The reactions of protein oxidation play a significant role in many biological processes, especially in diseases development. Therefore, it is important to understand, how the protein molecule behaves in the presence of oxidants. In the present work, photo-oxidation of phytohormone-binding plant protein (VrPhBP) was investigated using light and 3-carboxybenzophenone (3CB) as a sensitizer (one electron oxidant). The protein interacts with the sensitizer in the ground state forming a weak binding complex leading to the presence of bound and free 3CB in solution. The early events and transient species (such as radicals and radical ions) formed during irradiation were characterised by transient spectroscopy showing the formation of the sulphur radical cation Met>S center dot+ (stabilized by (SN)(+))and the tyrosyl radical TyrO(center dot) on VrPhBP. Thus the 3CB excited triplet state was quenched by the Met and Tyr residues and mostly by Met (based on the deconvoluted transient absorption spectra).The presence of a Tyr side chain in the vicinity of a Met residue results in intramolecular electron transfer from Tyr to the Met>S center dot+ radical cation, leading to regeneration of the thioether side chain and formation of TyrO(center dot). The presence of other side chains close to Met, such as Arg or Lys can induce the stabilization of Met>S center dot+ via the formation of two-centered three-electron bonded species (S therefore N)(+). The transient species were additionally confirmed by stable product analysis. Based on SDS-PAGE, chromatography and mass spectrometry, the formation of methionine sulphoxide and Met-3CB adduct was identified together with di-Tyr cross links. On the basis of the experimental results the overall mechanism of VrPhBP photo oxidation, from its early events to the formation of stable products, is described.
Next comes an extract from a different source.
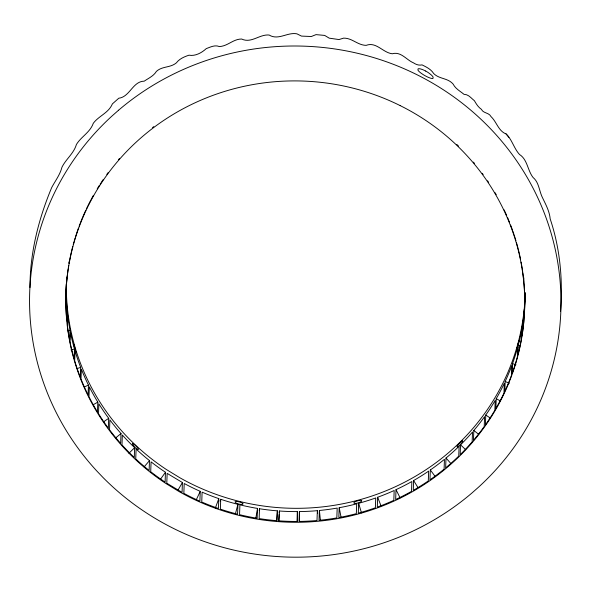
<?xml version="1.0" encoding="UTF-8"?>
<svg xmlns="http://www.w3.org/2000/svg" width="591" height="591" viewBox="0 0 591 591"><rect width="100%" height="100%" fill="white"/><g stroke="black" fill="none" stroke-linecap="round" stroke-linejoin="round"><path stroke-width="0.89" d="M66.79 277.149L66.244 287.344A229.463 220.679 2.1 0 0 65.86 298.891L65.874 301.757L66.222 289.043A229.463 220.679 2.1 0 1 66.325 283.65M69.125 261.636L69.058 263.423L69.568 260.601A229.463 220.679 2.1 0 1 72.028 249.299L72.745 246.513M70.011 330.221L69.649 340.069L69.125 337.239A229.463 220.679 2.1 0 1 67.418 325.804L67.455 313.104L67.78 315.956A229.463 220.679 2.1 0 0 69.487 327.392L70.011 330.221L67.322 330.701M74.488 349L74.126 358.84L73.35 356.07A229.463 220.679 2.1 0 1 70.61 344.819L70.034 341.997L70.395 332.157L70.972 334.971A229.463 220.679 2.1 0 0 73.712 346.23L74.488 349L70.979 349.938M80.649 367.329L80.287 377.176L79.26 374.48A229.463 220.679 2.1 0 1 75.515 363.495L74.68 360.739L75.042 350.891L75.877 353.647A229.463 220.679 2.1 0 0 79.622 364.64L80.649 367.329L77.236 368.562M88.451 385.088L88.089 394.928L86.818 392.335A229.463 220.679 2.1 0 1 82.09 381.697L81.011 379.023L81.373 369.176L82.452 371.85A229.463 220.679 2.1 0 0 87.18 382.488L88.451 385.088L84.336 386.972M97.825 402.124L97.463 411.971L95.964 409.482A229.463 220.679 2.1 0 1 90.29 399.287L88.975 396.709L89.337 386.861L90.652 389.439A229.463 220.679 2.1 0 0 96.326 399.634L97.825 402.124L93.119 404.791M108.7 418.31L108.338 428.157L106.624 425.808A229.463 220.679 2.1 0 1 100.049 416.123L98.505 413.663L98.867 403.816L100.411 406.276A229.463 220.679 2.1 0 0 106.986 415.961L108.7 418.31L103.514 421.878M121.007 433.535L120.645 443.376L118.717 441.182A229.463 220.679 2.1 0 1 111.293 432.08L109.534 429.76L109.896 419.913L111.655 422.233A229.463 220.679 2.1 0 0 119.079 431.334L121.007 433.535L115.474 438.094M134.637 447.668L134.275 457.515L132.162 455.484A229.463 220.679 2.1 0 1 123.94 447.04L121.975 444.875L122.337 435.028L124.302 437.192A229.463 220.679 2.1 0 0 132.517 445.636L134.637 447.668L128.904 453.297M149.493 460.611L149.131 470.458L146.841 468.611A229.463 220.679 2.1 0 1 137.888 460.884L135.738 458.889L136.1 449.042L138.25 451.036A229.463 220.679 2.1 0 0 147.203 458.764L149.493 460.611L144.101 466.927M165.465 472.261L165.103 482.108L162.651 480.461A229.463 220.679 2.1 0 1 153.039 473.509L150.712 471.707L151.074 461.859L153.401 463.662A229.463 220.679 2.1 0 0 163.013 470.613L165.465 472.261L160.663 479.005M182.427 482.529L182.065 492.377L166.788 483.216L167.15 473.376L182.427 482.529L177.795 490.449M200.246 491.343L199.884 501.19L197.18 499.979A229.463 220.679 2.1 0 1 186.46 494.733L183.845 493.345L184.207 483.497L186.822 484.886A229.463 220.679 2.1 0 0 197.542 490.131L200.246 491.343L196.352 499.617M218.796 498.627L218.434 508.474L215.626 507.492A229.463 220.679 2.1 0 1 204.479 503.17L201.745 502.003L202.107 492.155L204.841 493.322A229.463 220.679 2.1 0 0 215.988 497.644L218.796 498.627L215.353 508.061M220.724 499.284L220.362 509.132L223.184 510.063A229.463 220.679 2.1 0 0 234.686 513.439L237.567 514.177L237.929 504.33L235.048 503.591A229.463 220.679 2.1 0 1 223.546 500.215L220.724 499.284L220.096 500.998M257.506 508.415L257.144 518.263L254.204 517.76A229.463 220.679 2.1 0 1 242.443 515.367L239.547 514.672L239.909 504.825L242.805 505.519A229.463 220.679 2.1 0 0 254.566 507.92L257.506 508.415L255.822 518.285M259.523 508.74L259.161 518.588L262.108 519.031A229.463 220.679 2.1 0 0 274.032 520.435L277.009 520.686L277.364 510.838L274.394 510.594A229.463 220.679 2.1 0 1 262.47 509.183L259.523 508.74L259.213 510.535M279.403 510.993L279.048 520.841L282.018 521.04A229.463 220.679 2.1 0 0 294.03 521.439L297.007 521.439L297.369 511.592L294.384 511.592A229.463 220.679 2.1 0 1 282.38 511.193L279.403 510.993L279.262 512.811M299.415 511.577L299.053 521.425L302.038 521.373A229.463 220.679 2.1 0 0 314.028 520.76L316.998 520.508L317.36 510.668L314.39 510.92A229.463 220.679 2.1 0 1 302.4 511.525L299.415 511.577L299.541 521.587M319.391 510.476L319.037 520.324L321.999 520.021A229.463 220.679 2.1 0 0 333.893 518.41L336.826 517.908L337.188 508.068L334.247 508.563A229.463 220.679 2.1 0 1 322.361 510.173L319.391 510.476L320.425 520.442M339.197 507.706L338.835 517.553L341.761 517.007A229.463 220.679 2.1 0 0 353.455 514.399L356.336 513.66L356.698 503.813L353.817 504.559A229.463 220.679 2.1 0 1 342.123 507.159L339.197 507.706L341.125 517.546M358.663 503.288L358.301 513.136L361.167 512.338A229.463 220.679 2.1 0 0 372.581 508.77L375.381 507.787L375.743 497.94L372.943 498.922A229.463 220.679 2.1 0 1 361.529 502.498L358.663 503.288L361.478 512.929M377.649 497.253L377.294 507.1L380.072 506.066A229.463 220.679 2.1 0 0 391.116 501.552L393.813 500.341L394.175 490.493L391.478 491.705A229.463 220.679 2.1 0 1 380.434 496.218L377.649 497.253L380.996 505.77M396.014 489.643L395.66 499.491L398.334 498.235A229.463 220.679 2.1 0 0 408.92 492.805L411.499 491.372L411.861 481.525L409.282 482.958A229.463 220.679 2.1 0 1 398.696 488.388L396.014 489.643L400.114 497.858M413.619 480.527L413.257 490.375L415.813 488.89A229.463 220.679 2.1 0 0 425.86 482.596L428.298 480.948L428.66 471.108L426.222 472.748A229.463 220.679 2.1 0 1 416.167 479.05L413.619 480.527L417.963 487.582M430.322 469.963L429.96 479.811L432.368 478.119A229.463 220.679 2.1 0 0 441.809 471.005L444.092 469.165L444.454 459.318L442.171 461.157A229.463 220.679 2.1 0 1 432.73 468.279L430.322 469.963L435.109 476.39M445.998 458.04L445.644 467.887L447.882 466.003A229.463 220.679 2.1 0 0 456.644 458.121L458.749 456.089L459.111 446.242L457.006 448.273A229.463 220.679 2.1 0 1 448.244 456.156L445.998 458.04L450.756 463.374M460.537 444.838L460.175 454.686L462.243 452.625A229.463 220.679 2.1 0 0 470.251 444.033L472.157 441.839L472.519 431.991L470.613 434.186A229.463 220.679 2.1 0 1 462.598 442.777L460.537 444.838L465.76 449.758M473.819 430.47L473.457 440.317L475.327 438.086A229.463 220.679 2.1 0 0 482.522 428.859L484.228 426.51L484.59 416.662L482.884 419.012A229.463 220.679 2.1 0 1 475.689 428.246L473.819 430.47L478.754 434.378M485.743 415.045L485.381 424.892L487.036 422.513A229.463 220.679 2.1 0 0 493.374 412.71L494.859 410.228L495.214 400.38L493.736 402.863A229.463 220.679 2.1 0 1 487.398 412.666L485.743 415.045L490.264 418.022M496.218 398.666L495.856 408.514L497.297 406.002A229.463 220.679 2.1 0 0 502.712 395.704L503.968 393.111L504.33 383.263L503.074 385.864A229.463 220.679 2.1 0 1 497.659 396.155L496.218 398.666L500.193 400.824M505.172 381.468L504.81 391.316L506.014 388.701A229.463 220.679 2.1 0 0 510.476 377.981L511.488 375.285L511.85 365.437L510.838 368.134A229.463 220.679 2.1 0 1 506.376 378.853L505.172 381.468L509.324 383.293M512.53 363.583L512.168 373.431L513.128 370.72A229.463 220.679 2.1 0 0 516.6 359.668L517.369 356.898L517.731 347.05L516.962 349.82A229.463 220.679 2.1 0 1 513.49 360.872L512.53 363.583L515.973 364.758M518.233 345.151L517.871 354.999L518.588 352.214A229.463 220.679 2.1 0 0 521.048 340.911L521.912 328.241L521.402 331.063A229.463 220.679 2.1 0 1 518.942 342.366L518.233 345.151L519.999 345.587M523.818 277.829L523.922 282.661M524.919 292.412L524.719 297.783L524.66 294.916A229.463 220.679 2.1 0 0 524.572 292.604M525.007 292.589L524.756 302.614A229.463 220.679 2.1 0 1 524.372 314.161L524.173 317.027L524.734 304.313A229.463 220.679 2.1 0 0 525.111 293.542M276.581 520.819L277.364 510.838M278.62 520.974L279.122 514.621M66.598 282.52L66.849 279.661A229.463 220.679 2.1 0 1 68.157 268.957M560.527 311.331C562.994 280.267 560.113 248.427 550.191 218.943C549.497 211.223 545.796 204.597 542.575 197.867C539.147 191.27 539.155 182.464 533.082 177.499C527.534 170.467 527.475 159.4 519.467 154.458C513.897 148.26 512.175 139.868 506.206 133.98C498.457 131.187 496.654 121.849 491.077 116.678C488.942 112.364 483.46 113.605 481.303 109.254C478.193 107.082 476.257 103.942 474.41 100.729C471.153 98.217 468.515 94.287 464.024 94.338C460.13 91.14 455.454 88.761 453.105 84.048C447.771 77.864 439.541 79.275 433.772 73.639C431.046 69.258 426.51 67.086 422.04 64.892C418.871 65.608 416.094 64.582 413.464 62.838C406.401 59.935 400.986 51.218 392.254 53.774C382.842 52.651 376.275 41.466 366.132 45.367C357.562 45.189 352.199 37.964 343.615 38.134L338.968 39.56L329.209 38.156L324.681 35.423L316.03 34.625L311.324 36.509L301.469 36.095L296.911 33.827C287.403 31.966 278.354 40.683 269.127 35.032C259.501 34.079 251.308 43.69 241.638 39.021C233.127 38.999 227.823 46.179 219.372 46.563C214.873 44.657 210.418 47.088 206.229 48.639C201.767 52.798 195.237 56.389 188.994 55.185C184.252 56.751 179.45 58.768 176.325 62.905C170.171 67.987 162.34 65.978 156.423 71.371C153.571 76.076 148.548 78.197 144.204 81.174C132.746 81.292 129.843 96.924 118.798 98.217L112.416 103.868C108.574 113.014 98.852 115.821 93.312 123.26C90.083 132.414 81.203 136.61 76.424 144.47C73.749 153.579 65.926 159.053 61.937 167.268C60.023 174.818 55.199 180.912 51.698 187.561C38.518 219.135 29.919 252.985 29.993 287.536M68.275 268.196L68.733 265.366M235.358 514.022L237.929 504.33M73.247 244.608L74.008 241.837M77.731 230.106L78.448 228.074M79.128 226.22L79.881 224.196M84.905 212.154L85.806 210.189M86.648 208.401L87.586 206.451M106.816 174.411L108.094 172.646M118.451 159.673L119.412 158.573M456.865 144.5L458.453 146.021M506.029 133.891L508.836 137.319M482.271 173.348L483.135 174.522M508.792 220.48L509.605 222.489M510.58 225.001L511.355 227.025A229.463 220.679 2.1 0 1 512.67 230.667M515.308 238.705L515.936 240.773M516.482 242.665L517.265 245.435A229.463 220.679 2.1 0 1 518.056 248.427M520.582 259.508L520.006 256.693A229.463 220.679 2.1 0 0 519.334 253.679M521.092 262.145L521.491 264.266A229.463 220.679 2.1 0 1 522.126 268.07M523.523 278.56L523.198 275.709A229.463 220.679 2.1 0 0 522.806 272.65M317.36 510.668L317.64 513.38M297.369 511.592L297.495 521.602M425.697 71.06A8.946 2.179 29.8 0 0 422.698 69.657L420.903 69.036A8.946 2.209 28.8 0 0 418.029 68.903L417.977 70.174A8.946 2.209 28.8 0 0 420.755 72.922L422.521 74.171A8.946 2.179 29.8 0 0 425.513 75.951A8.946 2.157 30.8 0 0 428.482 77.406L430.248 78.078A8.946 2.15 31.8 0 0 433.04 78.352L433.092 77.081A8.946 2.15 31.8 0 0 431.142 74.835L428.66 72.885A8.946 2.165 30.8 0 0 425.697 71.053M66.48 279.809A229.463 220.679 2.1 0 1 66.606 277.497M525.111 295.648A229.463 220.679 2.1 0 1 179.959 477.816L166.426 469.542A229.463 220.679 2.1 0 1 66.355 284.227M66.465 279.602A229.463 220.679 2.1 0 1 66.524 278.065M74.222 241.098A229.463 220.679 2.1 0 1 75.101 238.136M75.33 237.397A229.463 220.679 2.1 0 1 76.261 234.45M76.505 233.718A229.463 220.679 2.1 0 1 77.487 230.785M80.14 223.524A229.463 220.679 2.1 0 1 84.602 212.812M87.896 205.801A229.463 220.679 2.1 0 1 89.293 203.031M89.647 202.336A229.463 220.679 2.1 0 1 91.088 199.588M91.45 198.908A229.463 220.679 2.1 0 1 93.319 195.503M97.242 188.795A229.463 220.679 2.1 0 1 99.295 185.493M100.13 184.185A229.463 220.679 2.1 0 1 100.98 182.878M101.408 182.227A229.463 220.679 2.1 0 1 103.137 179.642M152.537 127.597A229.463 220.679 2.1 0 1 153.793 126.644M473.421 162.119A229.463 220.679 2.1 0 1 474.425 163.315M487.568 180.824A229.463 220.679 2.1 0 1 488.432 182.124M495.051 192.696A229.463 220.679 2.1 0 1 496.218 194.712M504.13 209.879A229.463 220.679 2.1 0 1 505.113 211.992M505.438 212.694A229.463 220.679 2.1 0 1 506.701 215.53M507.625 217.665A229.463 220.679 2.1 0 1 508.526 219.808M512.922 231.399A229.463 220.679 2.1 0 1 513.919 234.332M514.163 235.063A229.463 220.679 2.1 0 1 515.101 238.01M518.248 249.173A229.463 220.679 2.1 0 1 519.164 252.926M522.245 268.831A229.463 220.679 2.1 0 1 522.695 271.882M523.988 283.377A229.463 220.679 2.1 0 1 524.505 291.06M66.258 293.882L65.956 306.596A229.463 220.679 2.1 0 0 66.62 318.135L66.894 320.994L66.982 308.288A229.463 220.679 2.1 0 1 66.318 296.748L66.258 293.882M522.245 326.298L521.883 336.146L522.341 333.309A229.463 220.679 2.1 0 0 523.766 321.844L524.38 309.137L524.128 311.996A229.463 220.679 2.1 0 1 522.703 323.462L522.245 326.298M519.024 340.645L517.022 348.446L519.024 340.645M73.786 344.324L75.914 352.273L73.786 344.324M462.716 441.078L462.317 442.016A4.085 0.746 -47.2 0 1 459.85 445.03A4.093 0.761 -46.2 0 1 457.375 446.877L457.006 446.693L457.412 445.754A4.093 0.761 -46.2 0 1 459.931 442.785A4.085 0.746 -47.2 0 1 462.361 440.901L462.716 441.078M361.67 500.828L361.123 501.537A4.085 1.064 -16.8 0 1 357.703 503.037A4.093 1.071 -15.7 0 1 354.305 503.362L353.795 502.934L354.341 502.239A4.093 1.071 -15.7 0 1 357.784 500.799A4.085 1.064 -16.8 0 1 361.16 500.422L361.67 500.828M132.613 443.73L132.886 444.875A4.093 0.82 46 0 0 135.383 447.845A4.085 0.835 45 0 0 137.954 449.648L138.375 449.455L137.999 448.525A4.085 0.835 45 0 0 135.465 445.607A4.093 0.82 46 0 0 132.931 443.752L132.613 443.73M242.953 503.894L242.399 504.33A4.085 1.093 14.4 0 1 238.934 504.064A4.093 1.093 15.4 0 1 235.536 502.623L235.026 501.929L235.573 501.508A4.093 1.093 15.4 0 1 239.023 501.825A4.085 1.093 14.4 0 1 242.436 503.214L242.953 503.894M118.569 110.214L111.751 116.242A265.743 255.578 2.1 0 0 96.813 471.005L103.1 477.587A265.743 255.578 2.1 0 0 471.98 492.968L478.799 486.94A265.743 255.578 2.1 0 0 490.626 128.868A265.743 255.578 2.1 0 0 118.569 110.214M400.188 105.612L397.012 104.06A229.463 220.679 2.1 0 0 97.212 189.637A229.463 220.679 2.1 0 0 165.908 483.512L179.442 491.778A229.463 220.679 2.1 0 0 495.332 410.213A229.463 220.679 2.1 0 0 404.126 107.614L400.188 105.612"/></g></svg>

In addition, a good correlation between the mechanisms of photooxidation of model compounds such as Met derivatives and peptides and those for real biological systems is emphasized.

Automated summary

The study investigates the photo-oxidation process of VrPhBP using transient spectroscopy, revealing the quenching of the 3CB excited triplet state by Met and Tyr residues to form sulphur radical cation and tyrosyl radical. The presence of other side chains like Arg or Lys close to Met was found to stabilize the Met>S center dot+ through the formation of two-centered three-electron bonded species.